A box isn’t necessary if you neatly fold a sweater or other piece of clothing. Tightly fold the garment and then wrap as you would with a box. Using craft paper and tying the parcel with twine can give a rustic or shabby-chic look.

Gift Bag
A brown gift bag with a paper heart tied to the bag handle.

Gift bags are a quick and easy solution for wrapping an oddly shaped present without a box. Tufts of tissue paper can conceal the present and also add a bit of flair to the presentation. Use your own embellishments to personalize a plain bag to express your personal style.

Jarred Candles
Brown paper wrapped around a cylindrical gift with ribbon tied to the top.

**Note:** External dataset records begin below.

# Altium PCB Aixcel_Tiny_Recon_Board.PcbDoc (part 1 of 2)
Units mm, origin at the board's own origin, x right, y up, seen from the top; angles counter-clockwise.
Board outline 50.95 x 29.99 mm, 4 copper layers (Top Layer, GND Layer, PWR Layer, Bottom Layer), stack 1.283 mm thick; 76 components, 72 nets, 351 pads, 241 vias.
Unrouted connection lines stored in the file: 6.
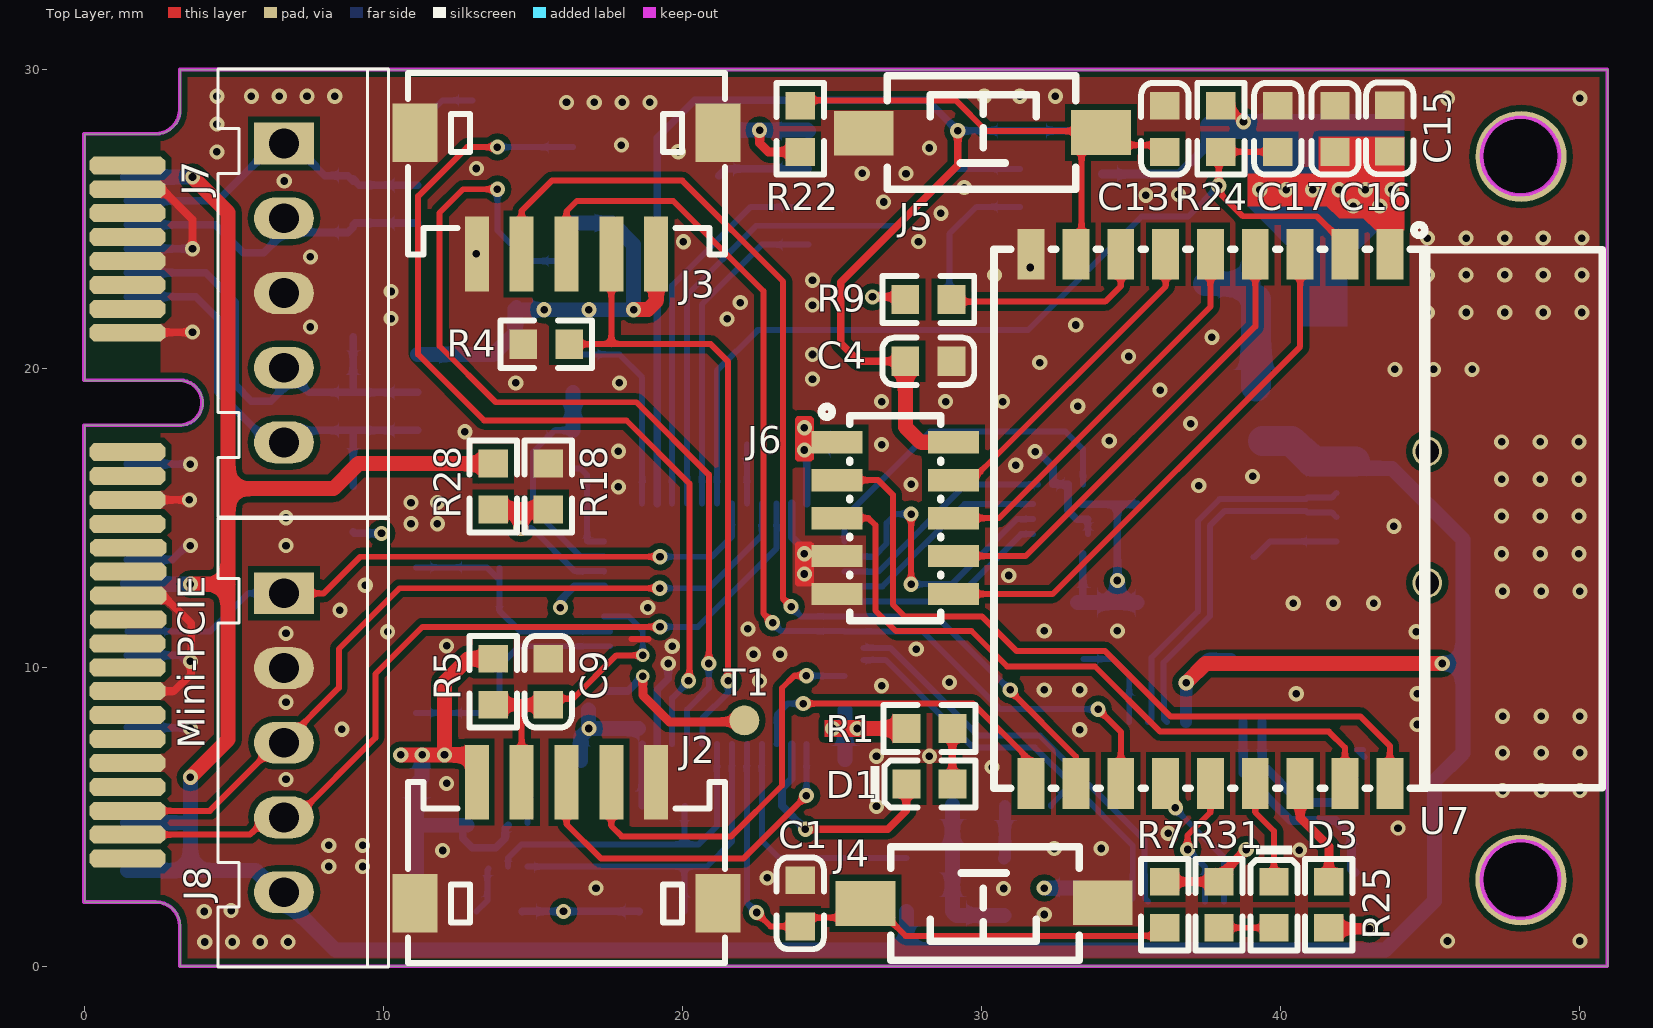
[diagram p0: Top Layer view]
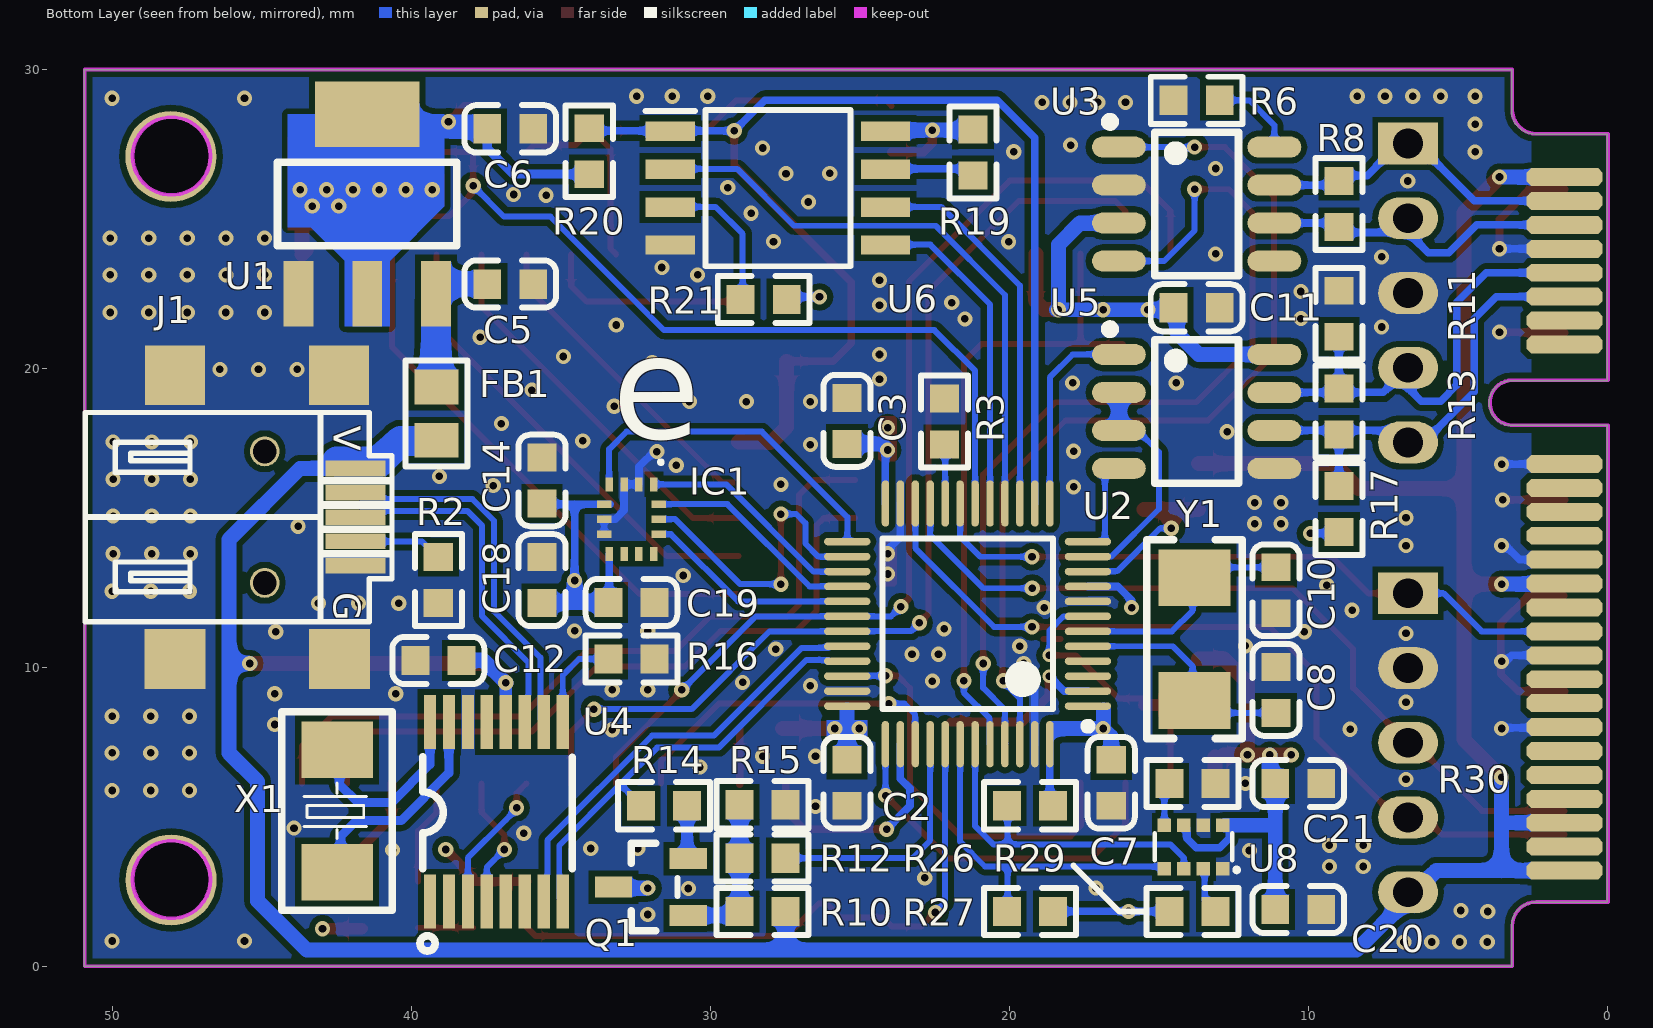
[diagram p1: Bottom Layer view, seen from below]
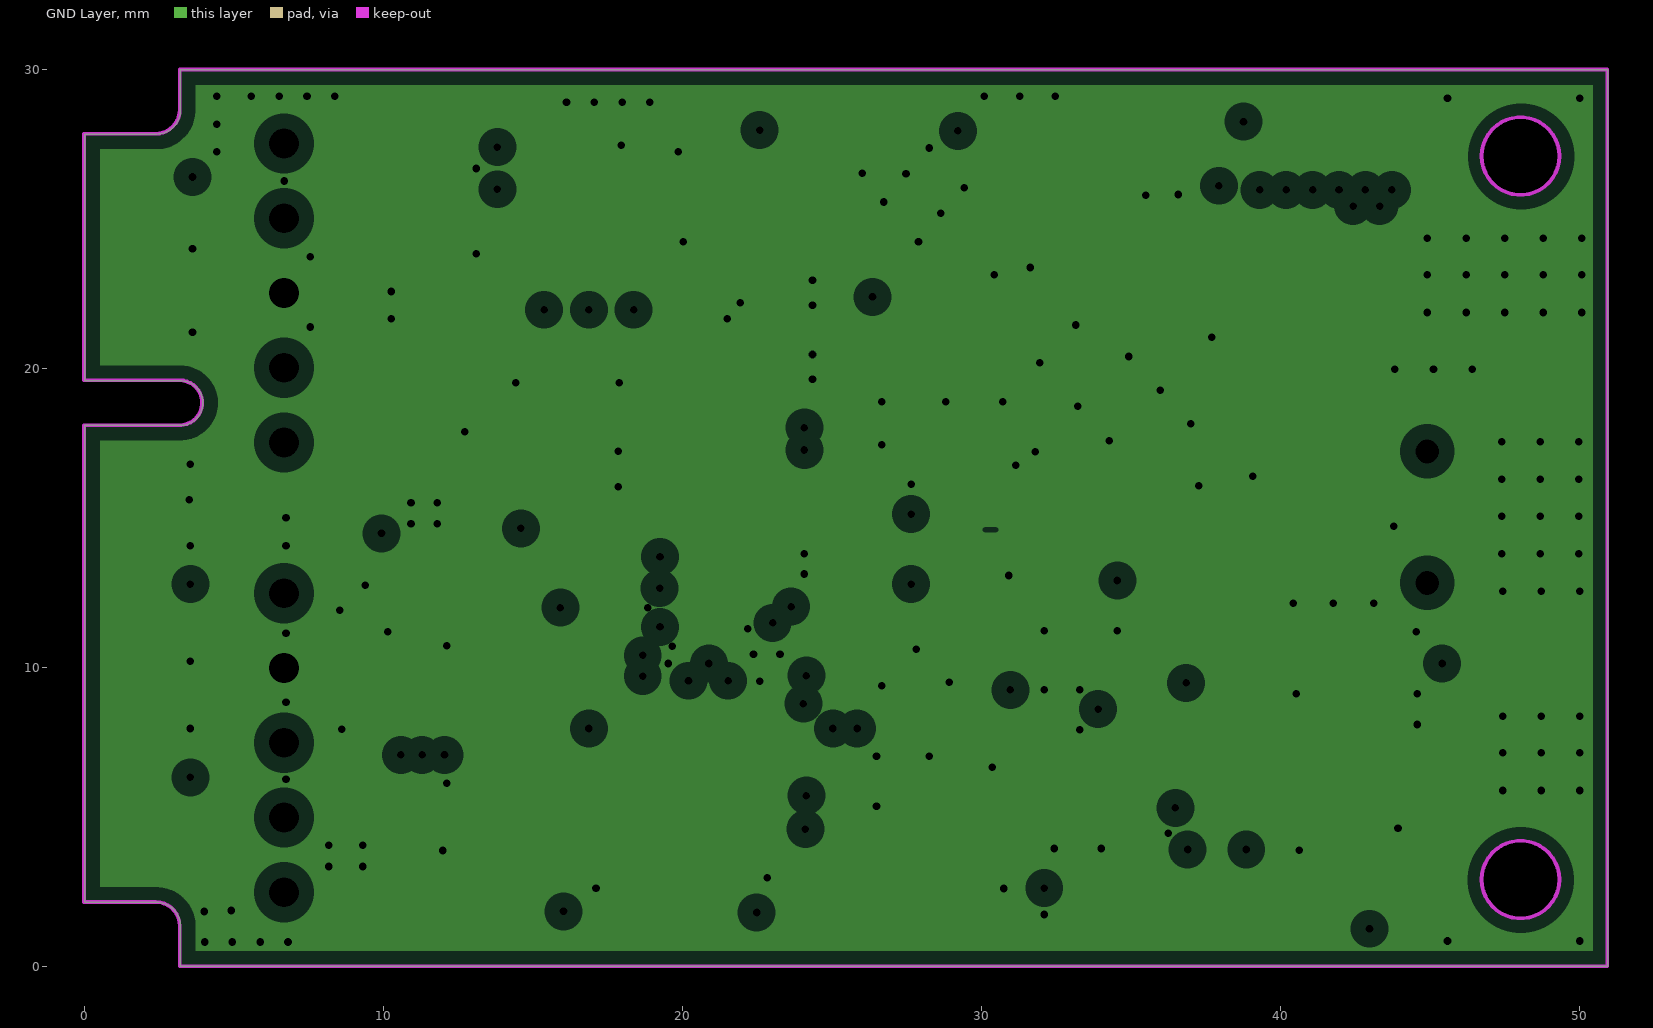
[diagram p2: GND Layer, clearances drawn from the general rule]
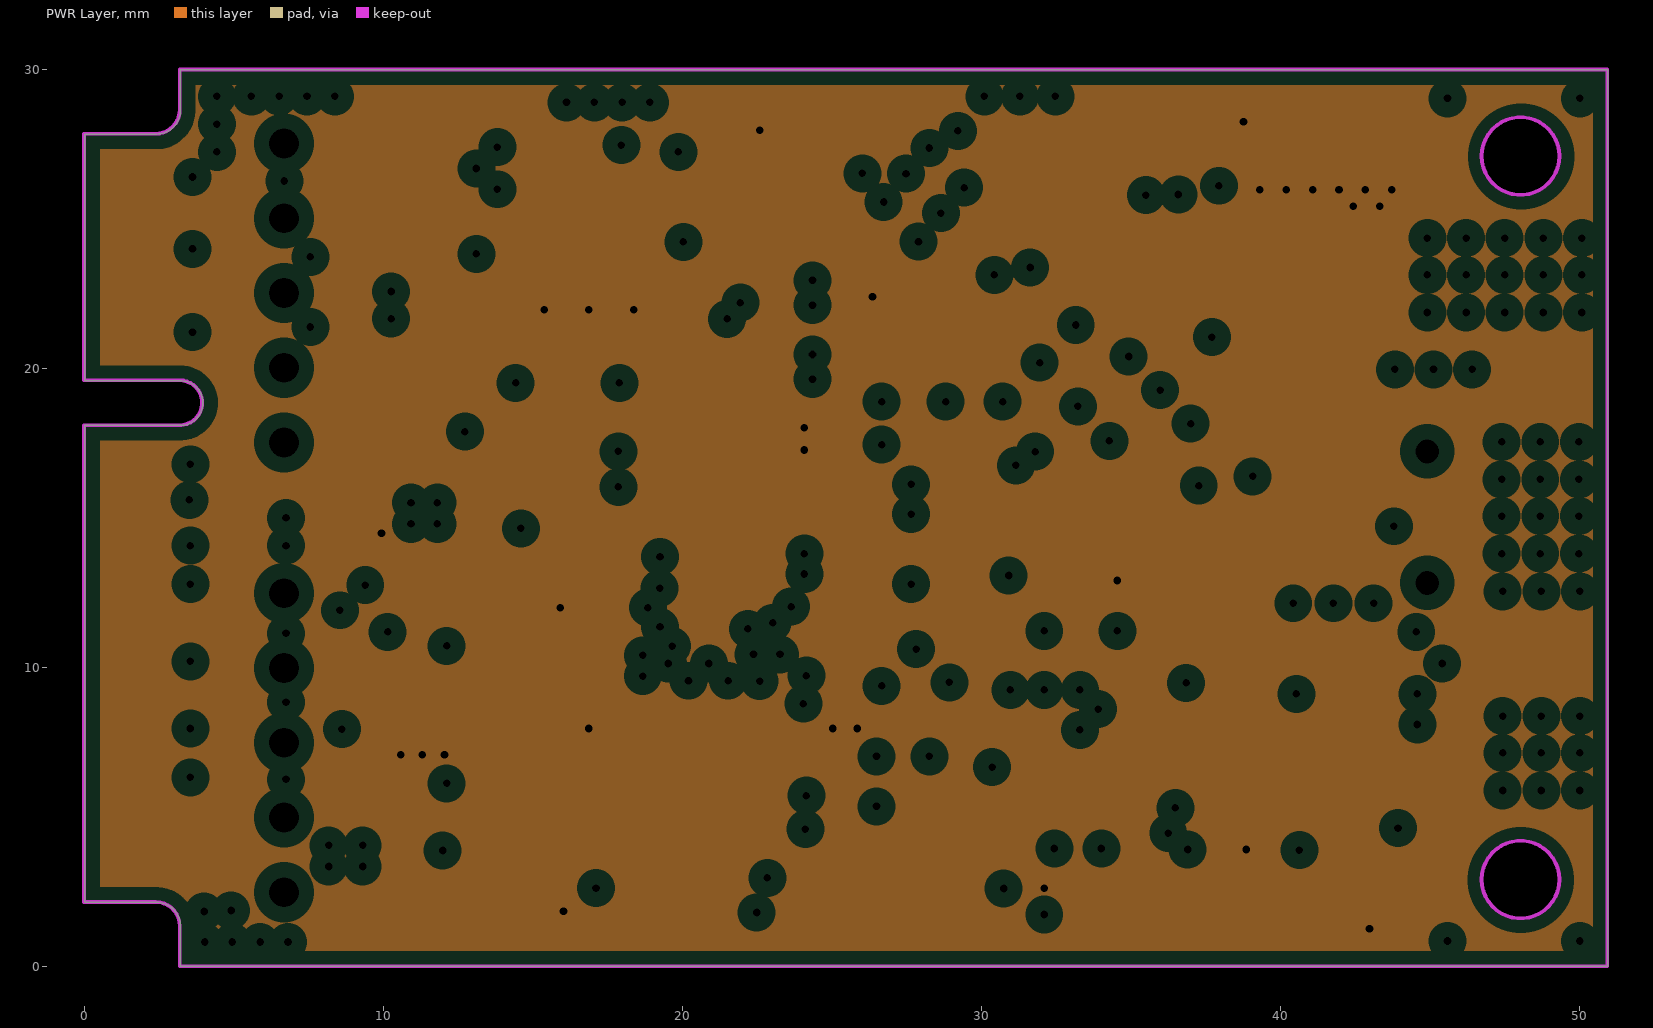
[diagram p3: PWR Layer, clearances drawn from the general rule]
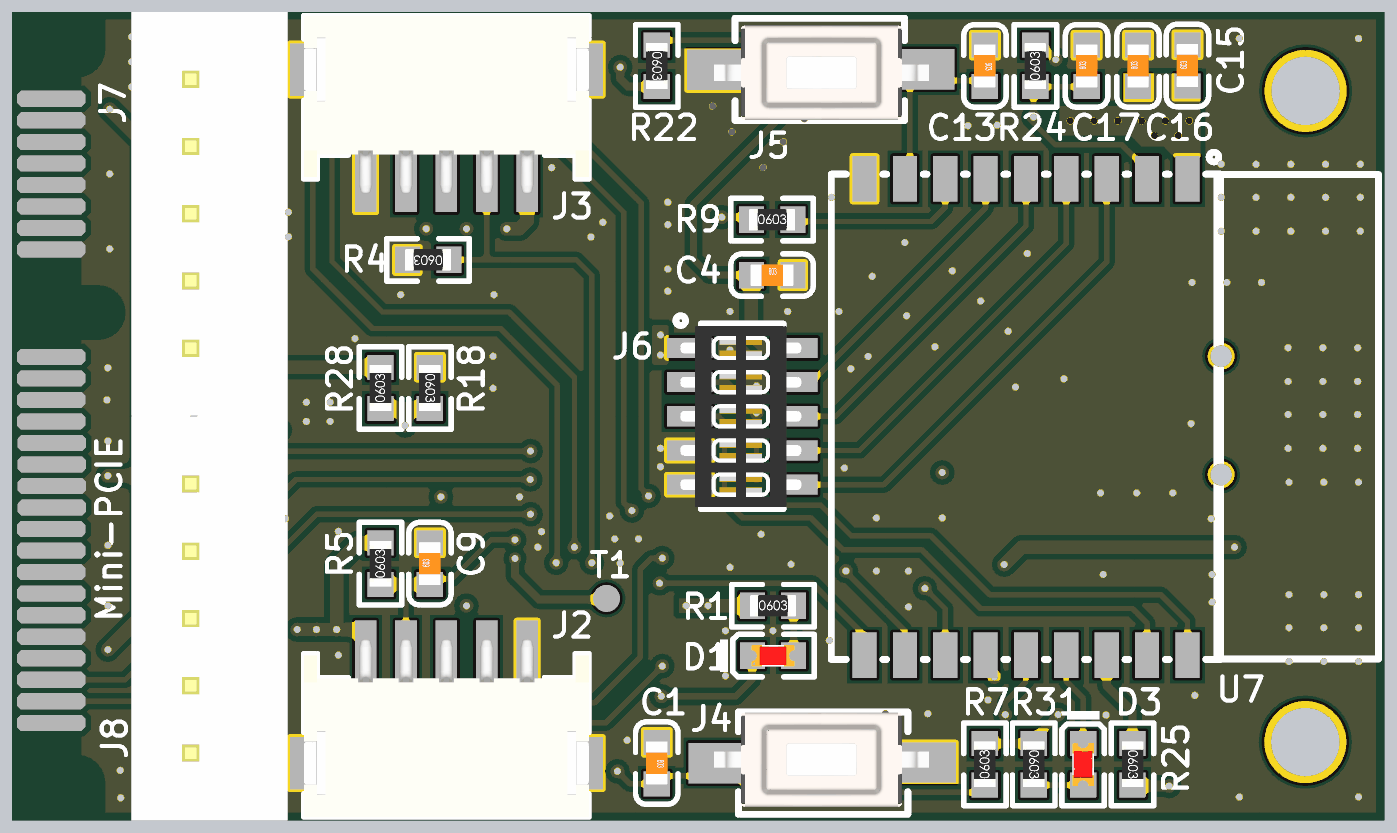
[diagram p5: 3D render of the assembled board from above, using the file's embedded part models]
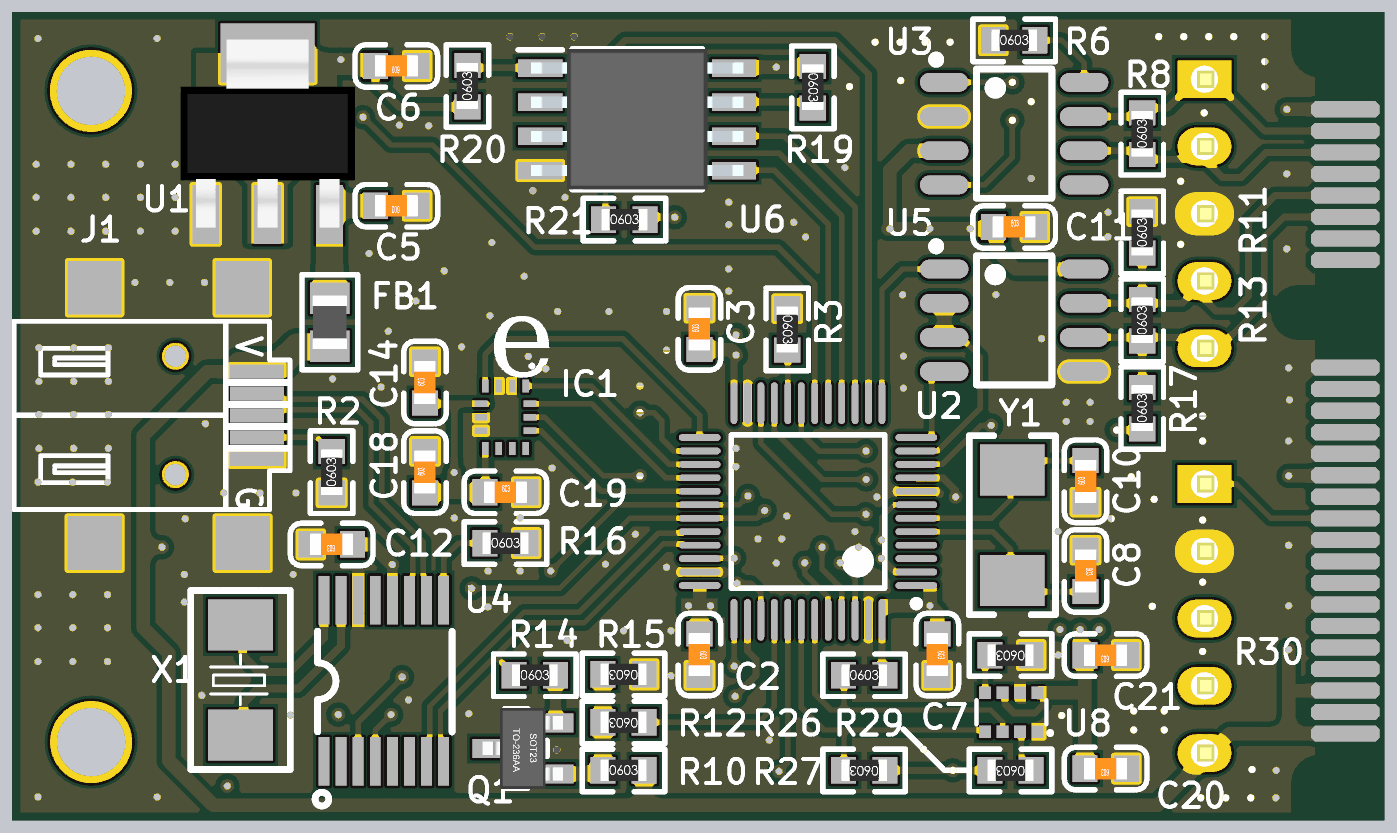
[diagram p6: 3D render of the assembled board from below, using the file's embedded part models]

## Layer stack, top to bottom
Top Solder: solder mask 0.0102, Solder Resist, Dk 3.5
Top Layer: signal copper 0.0356
Dielectric 1: dielectric 1, FR-4, Dk 4.8
GND Layer: plane copper 0.035, net GND
Dielectric 2: prepreg 0.0711, PP-006, Dk 4.1
PWR Layer: plane copper 0.035, net VCC_3V3
Dielectric 3: prepreg 0.0711, PP-006, Dk 4.1
Bottom Layer: signal copper 0.0356
Bottom Solder: solder mask 0.0102, Solder Resist, Dk 3.5

## Board outline
0,2.143 0,18.098 3.201,18.098 ccw(c3.205,18.843) 3.248,19.585 0.005,19.585 0.005,27.843 2.401,27.843 ccw(c2.401,28.643) 3.201,28.643 3.201,29.992 50.953,29.992 50.953,0 3.201,0 3.201,1.343 ccw(c2.401,1.343) 2.401,2.143

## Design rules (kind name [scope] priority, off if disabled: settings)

Neatly wrapping cylindrical gifts like jarred candles can be done simply and with attractive results. 

  • Roll paper around the item and fasten the bottom with tape. 
  • Gather the excess paper on the top and tie it with string for a clean look.
Paper Tubes
A container of paper tubes from empty rolls of toilet paper and paper towels.

Use empty rolls of toilet paper or paper towels to create a cylindrical container for small presents. 

  • Fold in opposing edges on the ends of the tube to hold the gift inside. 
  • Then wrap paper around the tube, trim as needed and tie the ends with ribbon.
Paint Bucket
An empty and clean metal paint can and lid.

A clean paint bucket with lid is an unconventional solution for gift wrapping. 

  • Fill the 5-gallon plastic variety with car wash supplies or gardening tools. 
  • Use a smaller, gallon-size metal bucket that can be decorated for oddly shaped gifts without a box. 
  • A 5-quart metal pail designed for paint can provide the base for a gift basket that has simple rustic or industrial look.
Apron
Garden tools in the pocket of a green apron.

Wrap your gift using another functional present, such as an apron. If the recipient enjoys baking, a new set of bakeware can be wrapped with an apron or you can use one to tie up long-handled grilling tools for an outdoor cook. For a gardener, bundle tools they can use within an apron that will keep dirt off their clothes.